Antimicrobial chemotherapy and resistance

Antimicrobial chemotherapy and resistance

The antimicrobial chemotherapy and resistance group, led by Dr Adam Roberts, focusses on both fundamental and translational aspects of the growing problem of antimicrobial resistance (AMR) and chemotherapeutic solutions in order to mitigate its effects.

Antimicrobial resistance (AMR) is a globally important issue which is increasingly compromising human health. It occurs when microorganisms (bacteria, fungi and protozoans) gain the ability to grow in the presence of one or more compounds (antibiotics, antiseptics and antimicrobials) that are supposed to either kill them, or prevent their growth.

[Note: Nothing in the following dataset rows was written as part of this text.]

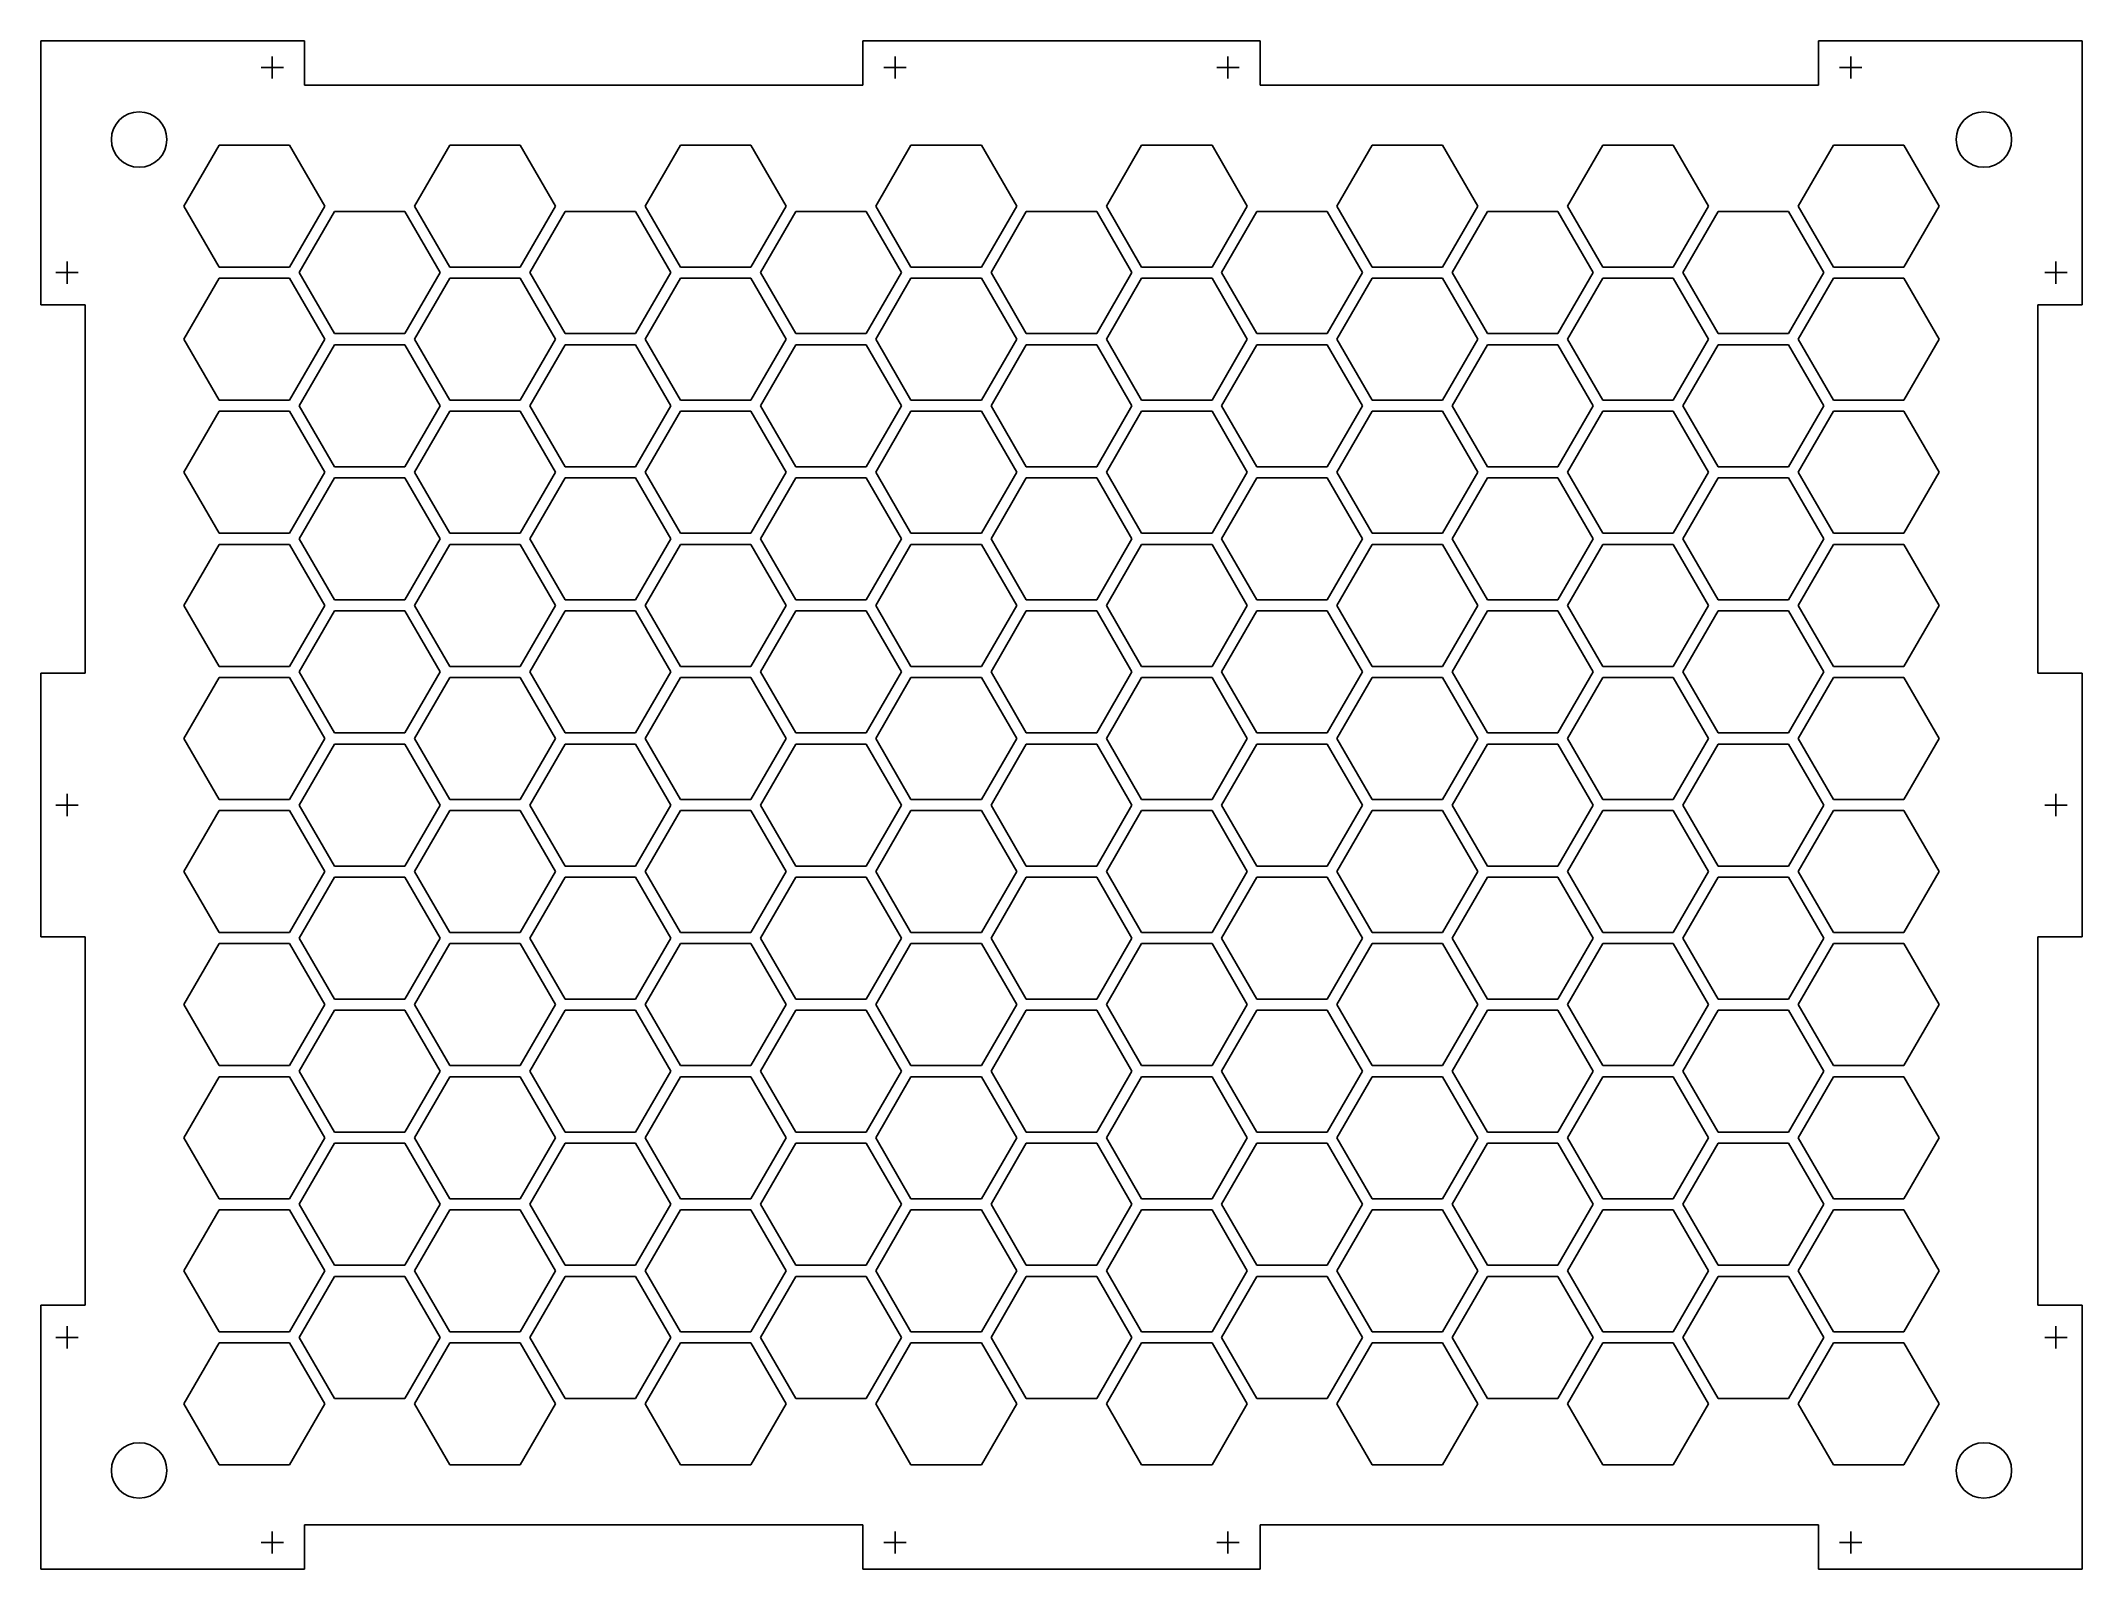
# Model space of a CAD drawing. Header units: millimetres. Extents: x 40 to 960, y -37 to 652.
import ezdxf

# ---------------------------------------------------------------- set-up
doc = ezdxf.new("R2010")
doc.units = ezdxf.units.MM
doc.header["$MEASUREMENT"] = 0
doc.layers.get('0').update_dxf_attribs({"lineweight": 0})

# ---------------------------------------------------------------- blocks, each defined once
blk = doc.blocks.new('Block_1')
at = {"color": 2, "lineweight": 25, "true_color": 0xfff200}
for p, q in [((51.87, 552.33), (51.87, 542.33)), ((46.87, 547.33), (56.87, 547.33))]:
    blk.add_line(p, q, dxfattribs=at)
blk = doc.blocks.new('Block_2')
at = {"color": 2, "lineweight": 25, "true_color": 0xfff200}
for p, q in [((144.37, 644.83), (144.37, 634.83)), ((139.37, 639.83), (149.37, 639.83))]:
    blk.add_line(p, q, dxfattribs=at)
blk = doc.blocks.new('Block_3')
at = {"color": 2, "lineweight": 25, "true_color": 0xfff200}
for p, q in [((425.06, 644.83), (425.06, 634.83)), ((420.06, 639.83), (430.06, 639.83))]:
    blk.add_line(p, q, dxfattribs=at)
blk = doc.blocks.new('Block_4')
at = {"color": 2, "lineweight": 25, "true_color": 0xfff200}
for p, q in [((575.06, 644.83), (575.06, 634.83)), ((570.06, 639.83), (580.06, 639.83))]:
    blk.add_line(p, q, dxfattribs=at)
blk = doc.blocks.new('Block_5')
at = {"color": 2, "lineweight": 25, "true_color": 0xfff200}
for p, q in [((855.75, 644.83), (855.75, 634.83)), ((850.75, 639.83), (860.75, 639.83))]:
    blk.add_line(p, q, dxfattribs=at)
blk = doc.blocks.new('Block_6')
at = {"color": 2, "lineweight": 25, "true_color": 0xfff200}
for p, q in [((948.25, 552.33), (948.25, 542.33)), ((943.25, 547.33), (953.25, 547.33))]:
    blk.add_line(p, q, dxfattribs=at)
blk = doc.blocks.new('Block_7')
at = {"color": 2, "lineweight": 25, "true_color": 0xfff200}
for p, q in [((943.25, 67.33), (953.25, 67.33)), ((948.25, 72.33), (948.25, 62.33))]:
    blk.add_line(p, q, dxfattribs=at)
blk = doc.blocks.new('Block_8')
at = {"color": 2, "lineweight": 25, "true_color": 0xfff200}
for p, q in [((850.75, -25.17), (860.75, -25.17)), ((855.75, -20.17), (855.75, -30.17))]:
    blk.add_line(p, q, dxfattribs=at)
blk = doc.blocks.new('Block_9')
at = {"color": 2, "lineweight": 25, "true_color": 0xfff200}
for p, q in [((570.06, -25.17), (580.06, -25.17)), ((575.06, -20.17), (575.06, -30.17))]:
    blk.add_line(p, q, dxfattribs=at)
blk = doc.blocks.new('Block_10')
at = {"color": 2, "lineweight": 25, "true_color": 0xfff200}
for p, q in [((420.06, -25.17), (430.06, -25.17)), ((425.06, -20.17), (425.06, -30.17))]:
    blk.add_line(p, q, dxfattribs=at)
blk = doc.blocks.new('Block_11')
at = {"color": 2, "lineweight": 25, "true_color": 0xfff200}
for p, q in [((139.37, -25.17), (149.37, -25.17)), ((144.37, -20.17), (144.37, -30.17))]:
    blk.add_line(p, q, dxfattribs=at)
blk = doc.blocks.new('Block_12')
at = {"color": 2, "lineweight": 25, "true_color": 0xfff200}
for p, q in [((46.87, 67.33), (56.87, 67.33)), ((51.87, 72.33), (51.87, 62.33))]:
    blk.add_line(p, q, dxfattribs=at)
blk = doc.blocks.new('Block_13')
at = {"color": 2, "lineweight": 25, "true_color": 0xfff200}
for p, q in [((46.87, 307.33), (56.87, 307.33)), ((51.87, 312.33), (51.87, 302.33))]:
    blk.add_line(p, q, dxfattribs=at)
blk = doc.blocks.new('Block_14')
at = {"color": 2, "lineweight": 25, "true_color": 0xfff200}
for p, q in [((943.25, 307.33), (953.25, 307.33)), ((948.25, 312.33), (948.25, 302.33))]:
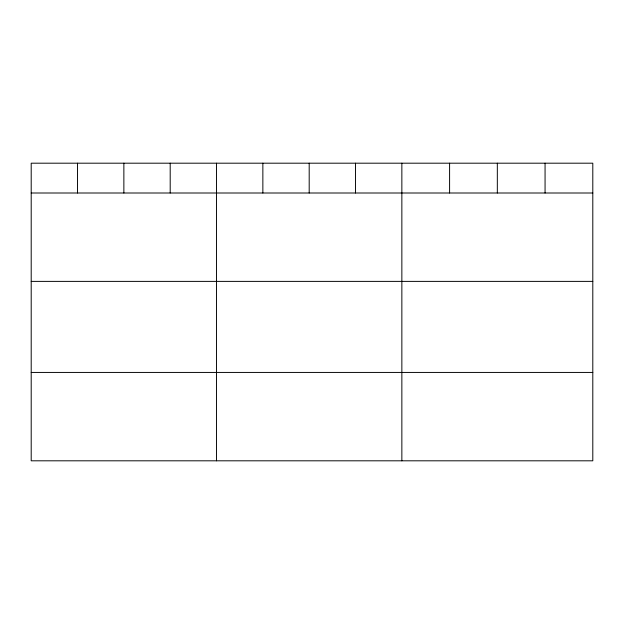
<?xml version="1.0" encoding="UTF-8"?>
<svg xmlns="http://www.w3.org/2000/svg" width="624" height="624" viewBox="0 0 624 624"><rect width="100%" height="100%" fill="white"/><g stroke="black" fill="none" stroke-linecap="round" stroke-linejoin="round"><path stroke-width="0.94" d="M592.8 193.003L592.8 460.808L31.2 460.808L31.2 163.192L592.8 163.192L592.8 193.003L31.2 193.003M31.2 281.385L592.8 281.385M31.2 372.434L592.8 372.434M545.064 163.192L545.064 193.003M497.328 163.192L497.328 193.003M449.592 163.192L449.592 193.003M401.856 163.192L401.856 460.808M355.524 163.192L355.524 193.003M309.192 163.192L309.192 193.003M262.86 163.192L262.86 193.003M216.528 163.192L216.528 460.808M170.196 163.192L170.196 193.003M123.864 163.192L123.864 193.003M77.532 163.192L77.532 193.003"/></g></svg>
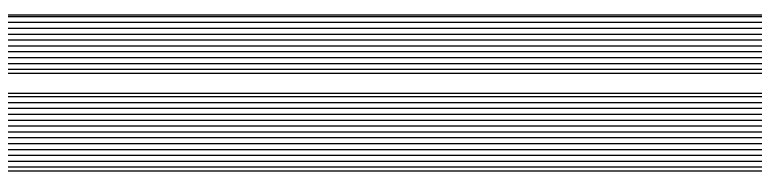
# Model space of a CAD drawing. Extents: x 295 to 953, y 10 to 290.
# Drawn here: x 761.99 to 786.03, y 210.67 to 215.75 of the extents above; entities that cross this region are included whole.
import ezdxf

# ---------------------------------------------------------------- set-up
doc = ezdxf.new("R2010")
doc.units = 0
doc.header["$LTSCALE"] = 5
doc.header["$MEASUREMENT"] = 0
doc.layers.add('DV-ABPB-A4_BOT', color=7, linetype='CONTINUOUS')

msp = doc.modelspace()

# ---------------------------------------------------------------- linework, layer by layer
at = {"layer": 'DV-ABPB-A4_BOT', "color": 7}
for p, q in [((802.141, 215.685), (705.842, 215.685)), ((705.995, 215.748), (801.989, 215.748)), ((802.505, 215.494), (705.479, 215.494)), ((802.695, 215.304), (705.289, 215.304)), ((802.886, 215.113), (705.098, 215.113)), ((803.267, 214.732), (704.717, 214.732)), ((803.076, 214.923), (704.908, 214.923)), ((803.457, 214.542), (704.527, 214.542)), ((803.648, 214.351), (704.336, 214.351)), ((803.996, 213.97), (703.988, 213.97)), ((803.838, 214.161), (704.146, 214.161)), ((800.084, 213.843), (708.535, 213.843)), ((799.121, 213.081), (724.102, 213.081)), ((724.41, 213.208), (798.814, 213.208)), ((799.393, 212.891), (723.831, 212.891)), ((799.584, 212.7), (723.64, 212.7)), ((799.965, 212.319), (723.259, 212.319)), ((799.774, 212.51), (723.45, 212.51)), ((800.155, 212.129), (723.069, 212.129)), ((800.346, 211.938), (722.878, 211.938)), ((800.536, 211.748), (722.688, 211.748)), ((800.846, 211.367), (722.378, 211.367)), ((800.727, 211.557), (722.497, 211.557)), ((800.925, 211.176), (722.299, 211.176)), ((800.981, 210.986), (722.243, 210.986)), ((800.981, 210.795), (722.243, 210.795)), ((796.274, 210.668), (726.95, 210.668))]:
    msp.add_line(p, q, dxfattribs=at)

doc.saveas('drawing.dxf')

Resistance is present in every country and antimicrobial resistant microorganisms do not respect international borders. New resistance mechanisms emerge and rapidly spread across the globe leading to increased morbidity and mortality. The effects of AMR are predicted to be felt more in LMICs. Furthermore; modern medicine is underpinned by the prophylactic use of antibiotics. Without them treatments for cancer, operations, organ transplants, child birth, etc. will become increasing dangerous.

AMR is now firmly on the national and international political agendas, being discussed recently at the United Nations General Assembly in a High-Level meeting. This was only the fourth time in the history of the UN that a health topic has been discussed at the General Assembly (the other were; HIV, noncommunicable diseases, and Ebola)

Solutions to problems from antimicrobial resistance do not lie in a single field of science. To tackle them, multiple and complementary research approaches are needed; with understanding required from the molecular to the societal level. Our translational research projects span this entire spectrum of activity.